Needed from the data below: every line from the one with "#59=EDGE_CURVE('E128',#50,#58,#56,.T.);" up to and including the one with "#118=CARTESIAN_POINT('',(-15.,0.,15.));", repeated exactly and with nothing else.

***** Data to use *****

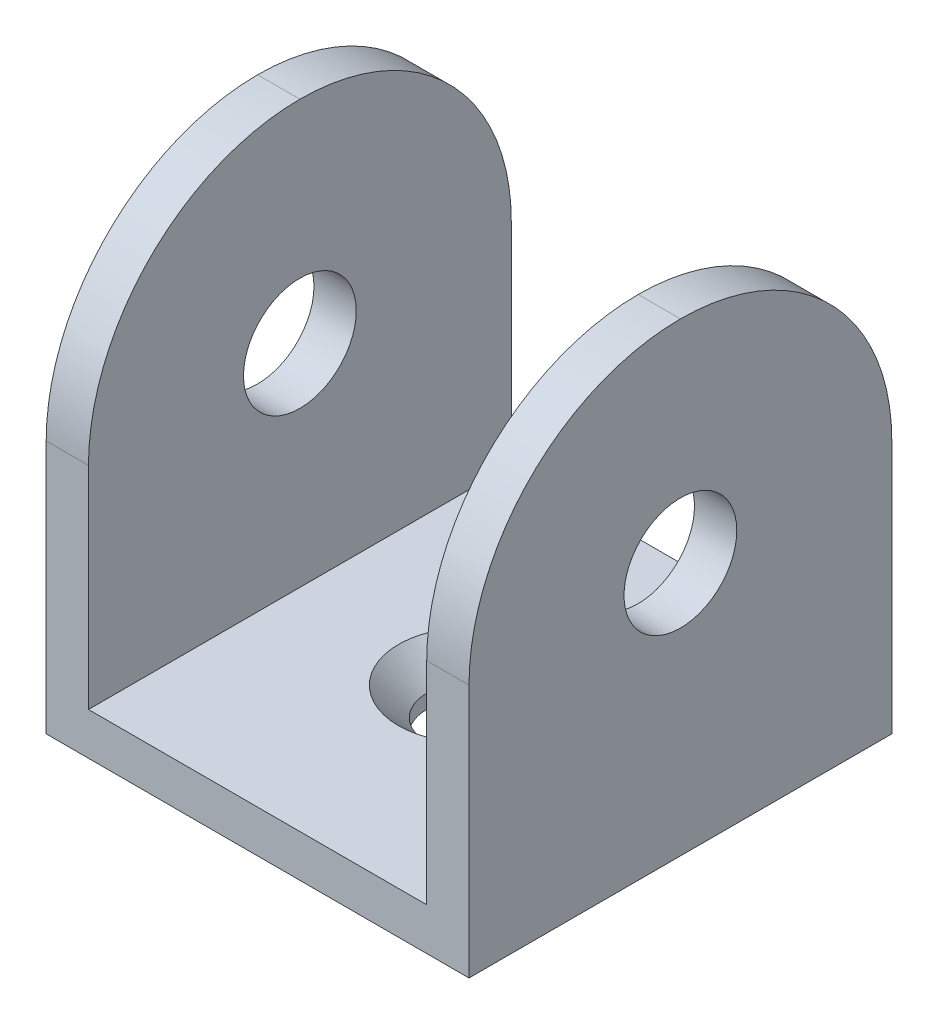
ISO-10303-21;
HEADER;
FILE_DESCRIPTION(('STEP AP214'),'2;1');
FILE_NAME('part.step','',(''),(''),'','','');
FILE_SCHEMA(('AUTOMOTIVE_DESIGN { 1 0 10303 214 1 1 1 1 }'));
ENDSEC;
DATA;
#1=APPLICATION_CONTEXT('core data for automotive mechanical design processes');
#2=APPLICATION_PROTOCOL_DEFINITION('international standard','automotive_design',2000,#1);
#3=PRODUCT_CONTEXT('',#1,'mechanical');
#4=PRODUCT('Part','Part','',(#3));
#5=PRODUCT_RELATED_PRODUCT_CATEGORY('part','',(#4));
#6=PRODUCT_DEFINITION_FORMATION('','',#4);
#7=PRODUCT_DEFINITION_CONTEXT('part definition',#1,'design');
#8=PRODUCT_DEFINITION('design','',#6,#7);
#9=PRODUCT_DEFINITION_SHAPE('','',#8);
#10=(LENGTH_UNIT() NAMED_UNIT(*) SI_UNIT(.MILLI.,.METRE.));
#11=(NAMED_UNIT(*) PLANE_ANGLE_UNIT() SI_UNIT($,.RADIAN.));
#12=(NAMED_UNIT(*) SI_UNIT($,.STERADIAN.) SOLID_ANGLE_UNIT());
#13=UNCERTAINTY_MEASURE_WITH_UNIT(LENGTH_MEASURE(1.E-05),#10,'distance_accuracy_value','');
#14=(GEOMETRIC_REPRESENTATION_CONTEXT(3) GLOBAL_UNCERTAINTY_ASSIGNED_CONTEXT((#13)) GLOBAL_UNIT_ASSIGNED_CONTEXT((#10,
#11,#12)) REPRESENTATION_CONTEXT('',''));
#15=CARTESIAN_POINT('',(0.,0.,0.));
#16=DIRECTION('',(0.,0.,1.));
#17=DIRECTION('',(1.,0.,0.));
#18=AXIS2_PLACEMENT_3D('',#15,#16,#17);
#19=CARTESIAN_POINT('',(0.,3.,0.));
#20=DIRECTION('',(0.,1.,0.));
#21=DIRECTION('',(0.,0.,1.));
#22=AXIS2_PLACEMENT_3D('',#19,#20,#21);
#23=PLANE('',#22);
#24=CARTESIAN_POINT('',(0.,3.,0.));
#25=DIRECTION('',(0.,1.,0.));
#26=DIRECTION('',(0.,0.,1.));
#27=AXIS2_PLACEMENT_3D('',#24,#25,#26);
#28=CIRCLE('',#27,5.00000000000001);
#29=CARTESIAN_POINT('',(0.,3.,5.00000000000001));
#30=VERTEX_POINT('',#29);
#31=EDGE_CURVE('E11',#30,#30,#28,.F.);
#32=ORIENTED_EDGE('',*,*,#31,.T.);
#33=EDGE_LOOP('',(#32));
#34=FACE_BOUND('',#33,.T.);
#35=DIRECTION('',(1.,0.,0.));
#36=VECTOR('',#35,1.);
#37=CARTESIAN_POINT('',(15.,3.,15.));
#38=LINE('',#37,#36);
#39=CARTESIAN_POINT('',(-12.,3.,15.));
#40=VERTEX_POINT('',#39);
#41=CARTESIAN_POINT('',(12.,3.,15.));
#42=VERTEX_POINT('',#41);
#43=EDGE_CURVE('E146',#40,#42,#38,.T.);
#44=ORIENTED_EDGE('',*,*,#43,.T.);
#45=DIRECTION('',(0.,0.,1.));
#46=VECTOR('',#45,1.);
#47=CARTESIAN_POINT('',(12.,3.,-15.));
#48=LINE('',#47,#46);
#49=CARTESIAN_POINT('',(12.,3.,-15.));
#50=VERTEX_POINT('',#49);
#51=EDGE_CURVE('E143',#50,#42,#48,.T.);
#52=ORIENTED_EDGE('',*,*,#51,.F.);
#53=DIRECTION('',(-1.,0.,0.));
#54=VECTOR('',#53,1.);
#55=CARTESIAN_POINT('',(15.,3.,-15.));
#56=LINE('',#55,#54);
#57=CARTESIAN_POINT('',(-12.,3.,-15.));
#58=VERTEX_POINT('',#57);
#59=EDGE_CURVE('E128',#50,#58,#56,.T.);
#60=ORIENTED_EDGE('',*,*,#59,.T.);
#61=DIRECTION('',(0.,0.,-1.));
#62=VECTOR('',#61,1.);
#63=CARTESIAN_POINT('',(-12.,3.,-15.));
#64=LINE('',#63,#62);
#65=EDGE_CURVE('E135',#40,#58,#64,.T.);
#66=ORIENTED_EDGE('',*,*,#65,.F.);
#67=EDGE_LOOP('',(#44,#52,#60,#66));
#68=FACE_BOUND('',#67,.T.);
#69=ADVANCED_FACE('F45',(#34,#68),#23,.T.);
#70=CARTESIAN_POINT('',(-15.,3.,15.));
#71=DIRECTION('',(1.,0.,0.));
#72=DIRECTION('',(0.,0.,-1.));
#73=AXIS2_PLACEMENT_3D('',#70,#71,#72);
#74=PLANE('',#73);
#75=CARTESIAN_POINT('',(-15.,18.,0.));
#76=DIRECTION('',(1.,0.,0.));
#77=DIRECTION('',(0.,0.,-1.));
#78=AXIS2_PLACEMENT_3D('',#75,#76,#77);
#79=CIRCLE('',#78,4.);
#80=CARTESIAN_POINT('',(-15.,18.,-4.));
#81=VERTEX_POINT('',#80);
#82=EDGE_CURVE('E235',#81,#81,#79,.T.);
#83=ORIENTED_EDGE('',*,*,#82,.T.);
#84=EDGE_LOOP('',(#83));
#85=FACE_BOUND('',#84,.T.);
#86=CARTESIAN_POINT('',(-15.,18.,0.));
#87=DIRECTION('',(1.,0.,0.));
#88=DIRECTION('',(0.,0.,-1.));
#89=AXIS2_PLACEMENT_3D('',#86,#87,#88);
#90=CIRCLE('',#89,15.);
#91=CARTESIAN_POINT('',(-15.,18.,15.));
#92=VERTEX_POINT('',#91);
#93=CARTESIAN_POINT('',(-15.,33.,0.));
#94=VERTEX_POINT('',#93);
#95=EDGE_CURVE('E188',#92,#94,#90,.F.);
#96=ORIENTED_EDGE('',*,*,#95,.T.);
#97=CARTESIAN_POINT('',(-15.,18.,0.));
#98=DIRECTION('',(1.,0.,0.));
#99=DIRECTION('',(0.,0.,-1.));
#100=AXIS2_PLACEMENT_3D('',#97,#98,#99);
#101=CIRCLE('',#100,15.);
#102=CARTESIAN_POINT('',(-15.,18.,-15.));
#103=VERTEX_POINT('',#102);
#104=EDGE_CURVE('E191',#94,#103,#101,.F.);
#105=ORIENTED_EDGE('',*,*,#104,.T.);
#106=DIRECTION('',(0.,-1.,0.));
#107=VECTOR('',#106,1.);
#108=CARTESIAN_POINT('',(-15.,3.,-15.));
#109=LINE('',#108,#107);
#110=CARTESIAN_POINT('',(-15.,0.,-15.));
#111=VERTEX_POINT('',#110);
#112=EDGE_CURVE('E145',#103,#111,#109,.T.);
#113=ORIENTED_EDGE('',*,*,#112,.T.);
#114=DIRECTION('',(0.,0.,1.));
#115=VECTOR('',#114,1.);
#116=CARTESIAN_POINT('',(-15.,0.,15.));
#117=LINE('',#116,#115);
#118=CARTESIAN_POINT('',(-15.,0.,15.));
#119=VERTEX_POINT('',#118);
#120=EDGE_CURVE('E159',#111,#119,#117,.T.);
#121=ORIENTED_EDGE('',*,*,#120,.T.);
#122=DIRECTION('',(0.,-1.,0.));
#123=VECTOR('',#122,1.);
#124=CARTESIAN_POINT('',(-15.,3.,15.));
#125=LINE('',#124,#123);
#126=EDGE_CURVE('E185',#92,#119,#125,.T.);
#127=ORIENTED_EDGE('',*,*,#126,.F.);
#128=EDGE_LOOP('',(#96,#105,#113,#121,#127));
#129=FACE_BOUND('',#128,.T.);
#130=ADVANCED_FACE('F252',(#85,#129),#74,.F.);
#131=CARTESIAN_POINT('',(15.,3.,15.));
#132=DIRECTION('',(0.,0.,-1.));
#133=DIRECTION('',(-1.,0.,0.));
#134=AXIS2_PLACEMENT_3D('',#131,#132,#133);
#135=PLANE('',#134);
#136=DIRECTION('',(0.,-1.,0.));
#137=VECTOR('',#136,1.);
#138=CARTESIAN_POINT('',(15.,3.,15.));
#139=LINE('',#138,#137);
#140=CARTESIAN_POINT('',(15.,18.,15.));
#141=VERTEX_POINT('',#140);
#142=CARTESIAN_POINT('',(15.,0.,15.));
#143=VERTEX_POINT('',#142);
#144=EDGE_CURVE('E182',#141,#143,#139,.T.);
#145=ORIENTED_EDGE('',*,*,#144,.F.);
#146=DIRECTION('',(1.,0.,0.));
#147=VECTOR('',#146,1.);
#148=CARTESIAN_POINT('',(15.,18.,15.));
#149=LINE('',#148,#147);
#150=CARTESIAN_POINT('',(12.,18.,15.));
#151=VERTEX_POINT('',#150);
#152=EDGE_CURVE('E219',#141,#151,#149,.F.);
#153=ORIENTED_EDGE('',*,*,#152,.T.);
#154=DIRECTION('',(0.,-1.,0.));
#155=VECTOR('',#154,1.);
#156=CARTESIAN_POINT('',(12.,33.,15.));
#157=LINE('',#156,#155);
#158=EDGE_CURVE('E153',#151,#42,#157,.T.);
#159=ORIENTED_EDGE('',*,*,#158,.T.);
#160=ORIENTED_EDGE('',*,*,#43,.F.);
#161=DIRECTION('',(0.,-1.,0.));
#162=VECTOR('',#161,1.);
#163=CARTESIAN_POINT('',(-12.,33.,15.));
#164=LINE('',#163,#162);
#165=CARTESIAN_POINT('',(-12.,18.,15.));
#166=VERTEX_POINT('',#165);
#167=EDGE_CURVE('E134',#166,#40,#164,.T.);
#168=ORIENTED_EDGE('',*,*,#167,.F.);
#169=DIRECTION('',(1.,0.,0.));
#170=VECTOR('',#169,1.);
#171=CARTESIAN_POINT('',(-15.,18.,15.));
#172=LINE('',#171,#170);
#173=EDGE_CURVE('E216',#166,#92,#172,.F.);
#174=ORIENTED_EDGE('',*,*,#173,.T.);
#175=ORIENTED_EDGE('',*,*,#126,.T.);
#176=DIRECTION('',(1.,0.,0.));
#177=VECTOR('',#176,1.);
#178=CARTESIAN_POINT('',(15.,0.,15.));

*****

Answer space:
#59=EDGE_CURVE('E128',#50,#58,#56,.T.);
#60=ORIENTED_EDGE('',*,*,#59,.T.);
#61=DIRECTION('',(0.,0.,-1.));
#62=VECTOR('',#61,1.);
#63=CARTESIAN_POINT('',(-12.,3.,-15.));
#64=LINE('',#63,#62);
#65=EDGE_CURVE('E135',#40,#58,#64,.T.);
#66=ORIENTED_EDGE('',*,*,#65,.F.);
#67=EDGE_LOOP('',(#44,#52,#60,#66));
#68=FACE_BOUND('',#67,.T.);
#69=ADVANCED_FACE('F45',(#34,#68),#23,.T.);
#70=CARTESIAN_POINT('',(-15.,3.,15.));
#71=DIRECTION('',(1.,0.,0.));
#72=DIRECTION('',(0.,0.,-1.));
#73=AXIS2_PLACEMENT_3D('',#70,#71,#72);
#74=PLANE('',#73);
#75=CARTESIAN_POINT('',(-15.,18.,0.));
#76=DIRECTION('',(1.,0.,0.));
#77=DIRECTION('',(0.,0.,-1.));
#78=AXIS2_PLACEMENT_3D('',#75,#76,#77);
#79=CIRCLE('',#78,4.);
#80=CARTESIAN_POINT('',(-15.,18.,-4.));
#81=VERTEX_POINT('',#80);
#82=EDGE_CURVE('E235',#81,#81,#79,.T.);
#83=ORIENTED_EDGE('',*,*,#82,.T.);
#84=EDGE_LOOP('',(#83));
#85=FACE_BOUND('',#84,.T.);
#86=CARTESIAN_POINT('',(-15.,18.,0.));
#87=DIRECTION('',(1.,0.,0.));
#88=DIRECTION('',(0.,0.,-1.));
#89=AXIS2_PLACEMENT_3D('',#86,#87,#88);
#90=CIRCLE('',#89,15.);
#91=CARTESIAN_POINT('',(-15.,18.,15.));
#92=VERTEX_POINT('',#91);
#93=CARTESIAN_POINT('',(-15.,33.,0.));
#94=VERTEX_POINT('',#93);
#95=EDGE_CURVE('E188',#92,#94,#90,.F.);
#96=ORIENTED_EDGE('',*,*,#95,.T.);
#97=CARTESIAN_POINT('',(-15.,18.,0.));
#98=DIRECTION('',(1.,0.,0.));
#99=DIRECTION('',(0.,0.,-1.));
#100=AXIS2_PLACEMENT_3D('',#97,#98,#99);
#101=CIRCLE('',#100,15.);
#102=CARTESIAN_POINT('',(-15.,18.,-15.));
#103=VERTEX_POINT('',#102);
#104=EDGE_CURVE('E191',#94,#103,#101,.F.);
#105=ORIENTED_EDGE('',*,*,#104,.T.);
#106=DIRECTION('',(0.,-1.,0.));
#107=VECTOR('',#106,1.);
#108=CARTESIAN_POINT('',(-15.,3.,-15.));
#109=LINE('',#108,#107);
#110=CARTESIAN_POINT('',(-15.,0.,-15.));
#111=VERTEX_POINT('',#110);
#112=EDGE_CURVE('E145',#103,#111,#109,.T.);
#113=ORIENTED_EDGE('',*,*,#112,.T.);
#114=DIRECTION('',(0.,0.,1.));
#115=VECTOR('',#114,1.);
#116=CARTESIAN_POINT('',(-15.,0.,15.));
#117=LINE('',#116,#115);
#118=CARTESIAN_POINT('',(-15.,0.,15.));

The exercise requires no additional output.